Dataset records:
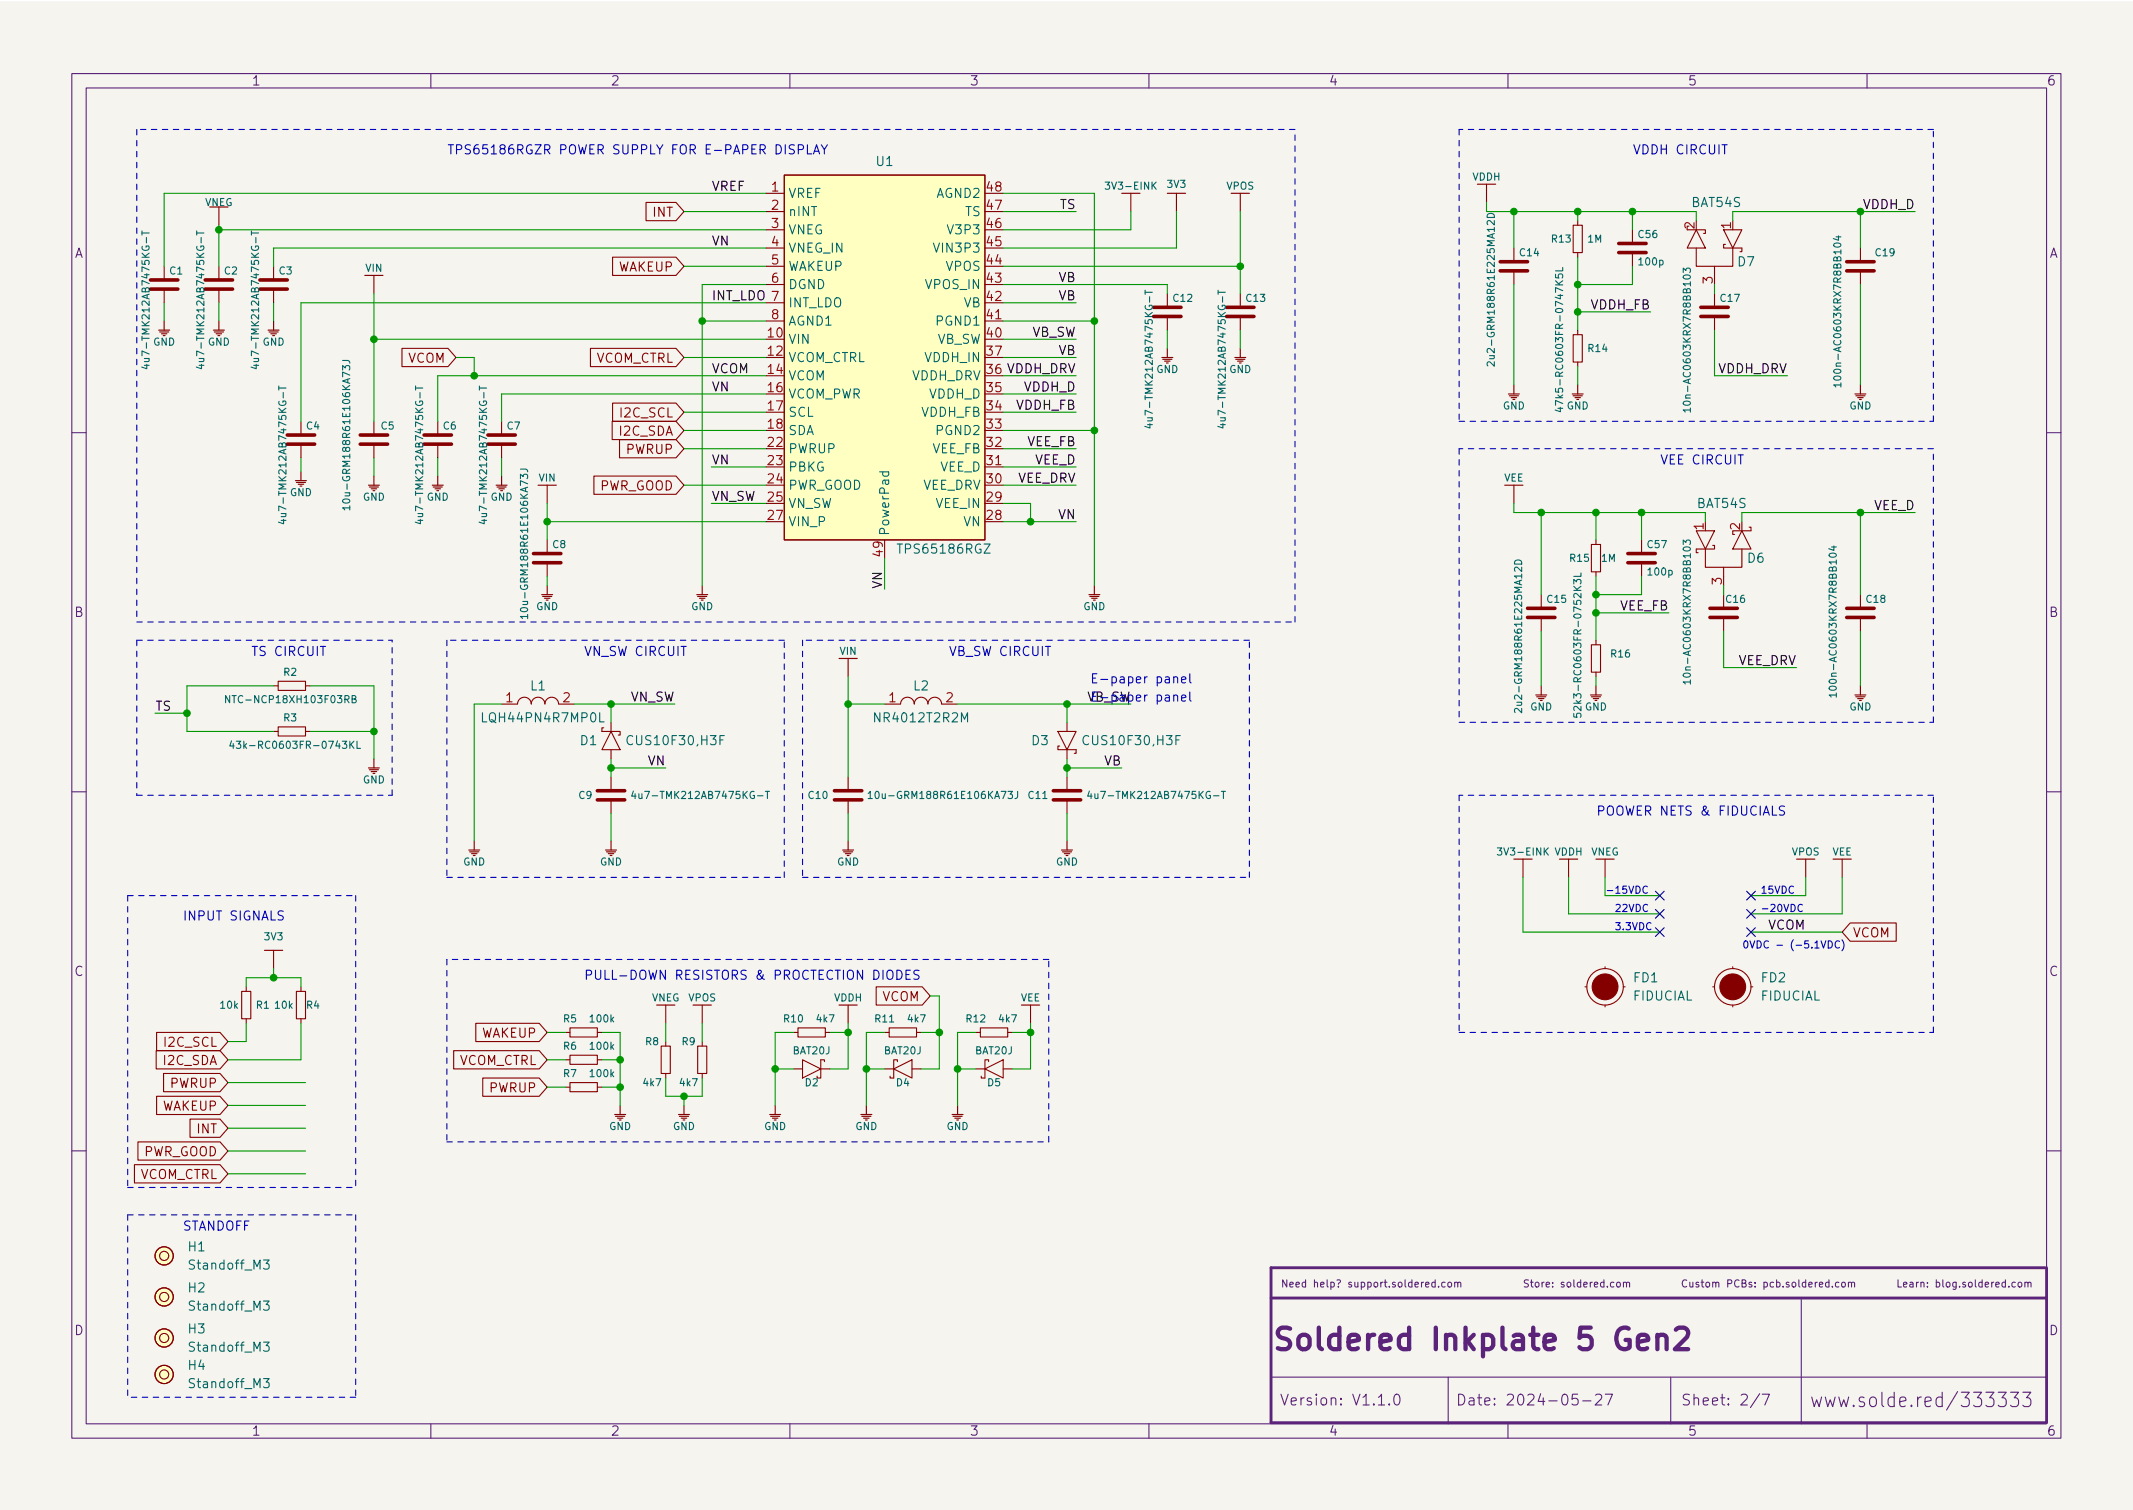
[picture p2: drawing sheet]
<svg xmlns="http://www.w3.org/2000/svg" width="297mm" height="210mm" viewBox="0 0 297 210" stroke-linecap="round" stroke-linejoin="round" font-family="sans-serif">
<path d="M0 .2h297v210.1h-297z" fill="#f5f4ef" stroke="#f5f4ef" stroke-width=".14"/>
<g fill="none" stroke="#5b2379" stroke-width=".15">
<path d="M10 10.2h277v190.1h-277zM12 12.2h273v186.1h-273zM60 10.2v2M110 10.2v2M160 10.2v2M210 10.2v2M260 10.2v2M10 60.2h2M285 60.2h2M10 110.2h2M285 110.2h2M10 160.2h2"/>
<path d="M199.9 178.6l-.3-.1-.2 .2 .1 .5h.4M199.9 178.2v1M200.3 179.1v.1M201.2 178.6l-.2-.1-.2 .2 .1 .5h.3M201.7 178.6l.3-.1 .1 .2v.3l-.1 .2h-.3l-.1-.2zM202.6 178.6l.1-.1 .3 .1v.6M202.6 178.5v.7M203 178.7l.1-.2 .3 .1v.6M225.2 178.6l.1-.1 .3 .1v.4v.2h-.3l-.1-.1zM226.1 178.6l.1-.1 .3 .1v.6M226.1 178.5v.7M226.5 178.7l.1-.2 .3 .1v.6"/>
<path d="M234.9 178.3a.47 .47 0 0 0-.7 .3 .47 .47 0 0 0 .5 .6l.2-.1M235.3 178.5l.1 .7h.2l.1-.1M235.7 178.5v.7M236.6 178.6l-.3-.1-.1 .2v.1l.4 .1v.3h-.4M236.9 178.5h.4M237 178.2v.9l.3 .1M237.6 178.6l.3-.1 .2 .2v.3l-.2 .2h-.3v-.2zM238.5 178.6l.1-.1 .3 .1v.6M238.5 178.5v.7M238.9 178.7l.2-.2 .2 .1 .1 .6M240.6 178.7h.5l.1-.2-.1-.2-.5-.1v1M242.2 178.3a.47 .47 0 0 0-.7 .3 .47 .47 0 0 0 .5 .6l.2-.1"/>
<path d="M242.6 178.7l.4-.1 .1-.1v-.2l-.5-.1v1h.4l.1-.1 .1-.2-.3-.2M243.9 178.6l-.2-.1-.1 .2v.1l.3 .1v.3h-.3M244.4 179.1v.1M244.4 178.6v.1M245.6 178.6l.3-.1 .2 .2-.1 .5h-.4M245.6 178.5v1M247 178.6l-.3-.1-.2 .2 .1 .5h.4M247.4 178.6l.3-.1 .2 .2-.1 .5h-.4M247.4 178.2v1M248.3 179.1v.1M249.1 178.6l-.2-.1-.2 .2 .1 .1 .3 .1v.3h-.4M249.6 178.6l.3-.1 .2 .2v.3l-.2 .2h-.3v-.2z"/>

◆ WHAT NEEDS TO BE DONE
Repeat the entries verbatim; no pictures.

◆ TASK RESPONSE
[picture p2: drawing sheet]
<svg xmlns="http://www.w3.org/2000/svg" width="297mm" height="210mm" viewBox="0 0 297 210" stroke-linecap="round" stroke-linejoin="round" font-family="sans-serif">
<path d="M0 .2h297v210.1h-297z" fill="#f5f4ef" stroke="#f5f4ef" stroke-width=".14"/>
<g fill="none" stroke="#5b2379" stroke-width=".15">
<path d="M10 10.2h277v190.1h-277zM12 12.2h273v186.1h-273zM60 10.2v2M110 10.2v2M160 10.2v2M210 10.2v2M260 10.2v2M10 60.2h2M285 60.2h2M10 110.2h2M285 110.2h2M10 160.2h2"/>
<path d="M199.9 178.6l-.3-.1-.2 .2 .1 .5h.4M199.9 178.2v1M200.3 179.1v.1M201.2 178.6l-.2-.1-.2 .2 .1 .5h.3M201.7 178.6l.3-.1 .1 .2v.3l-.1 .2h-.3l-.1-.2zM202.6 178.6l.1-.1 .3 .1v.6M202.6 178.5v.7M203 178.7l.1-.2 .3 .1v.6M225.2 178.6l.1-.1 .3 .1v.4v.2h-.3l-.1-.1zM226.1 178.6l.1-.1 .3 .1v.6M226.1 178.5v.7M226.5 178.7l.1-.2 .3 .1v.6"/>
<path d="M234.9 178.3a.47 .47 0 0 0-.7 .3 .47 .47 0 0 0 .5 .6l.2-.1M235.3 178.5l.1 .7h.2l.1-.1M235.7 178.5v.7M236.6 178.6l-.3-.1-.1 .2v.1l.4 .1v.3h-.4M236.9 178.5h.4M237 178.2v.9l.3 .1M237.6 178.6l.3-.1 .2 .2v.3l-.2 .2h-.3v-.2zM238.5 178.6l.1-.1 .3 .1v.6M238.5 178.5v.7M238.9 178.7l.2-.2 .2 .1 .1 .6M240.6 178.7h.5l.1-.2-.1-.2-.5-.1v1M242.2 178.3a.47 .47 0 0 0-.7 .3 .47 .47 0 0 0 .5 .6l.2-.1"/>
<path d="M242.6 178.7l.4-.1 .1-.1v-.2l-.5-.1v1h.4l.1-.1 .1-.2-.3-.2M243.9 178.6l-.2-.1-.1 .2v.1l.3 .1v.3h-.3M244.4 179.1v.1M244.4 178.6v.1M245.6 178.6l.3-.1 .2 .2-.1 .5h-.4M245.6 178.5v1M247 178.6l-.3-.1-.2 .2 .1 .5h.4M247.4 178.6l.3-.1 .2 .2-.1 .5h-.4M247.4 178.2v1M248.3 179.1v.1M249.1 178.6l-.2-.1-.2 .2 .1 .1 .3 .1v.3h-.4M249.6 178.6l.3-.1 .2 .2v.3l-.2 .2h-.3v-.2z"/>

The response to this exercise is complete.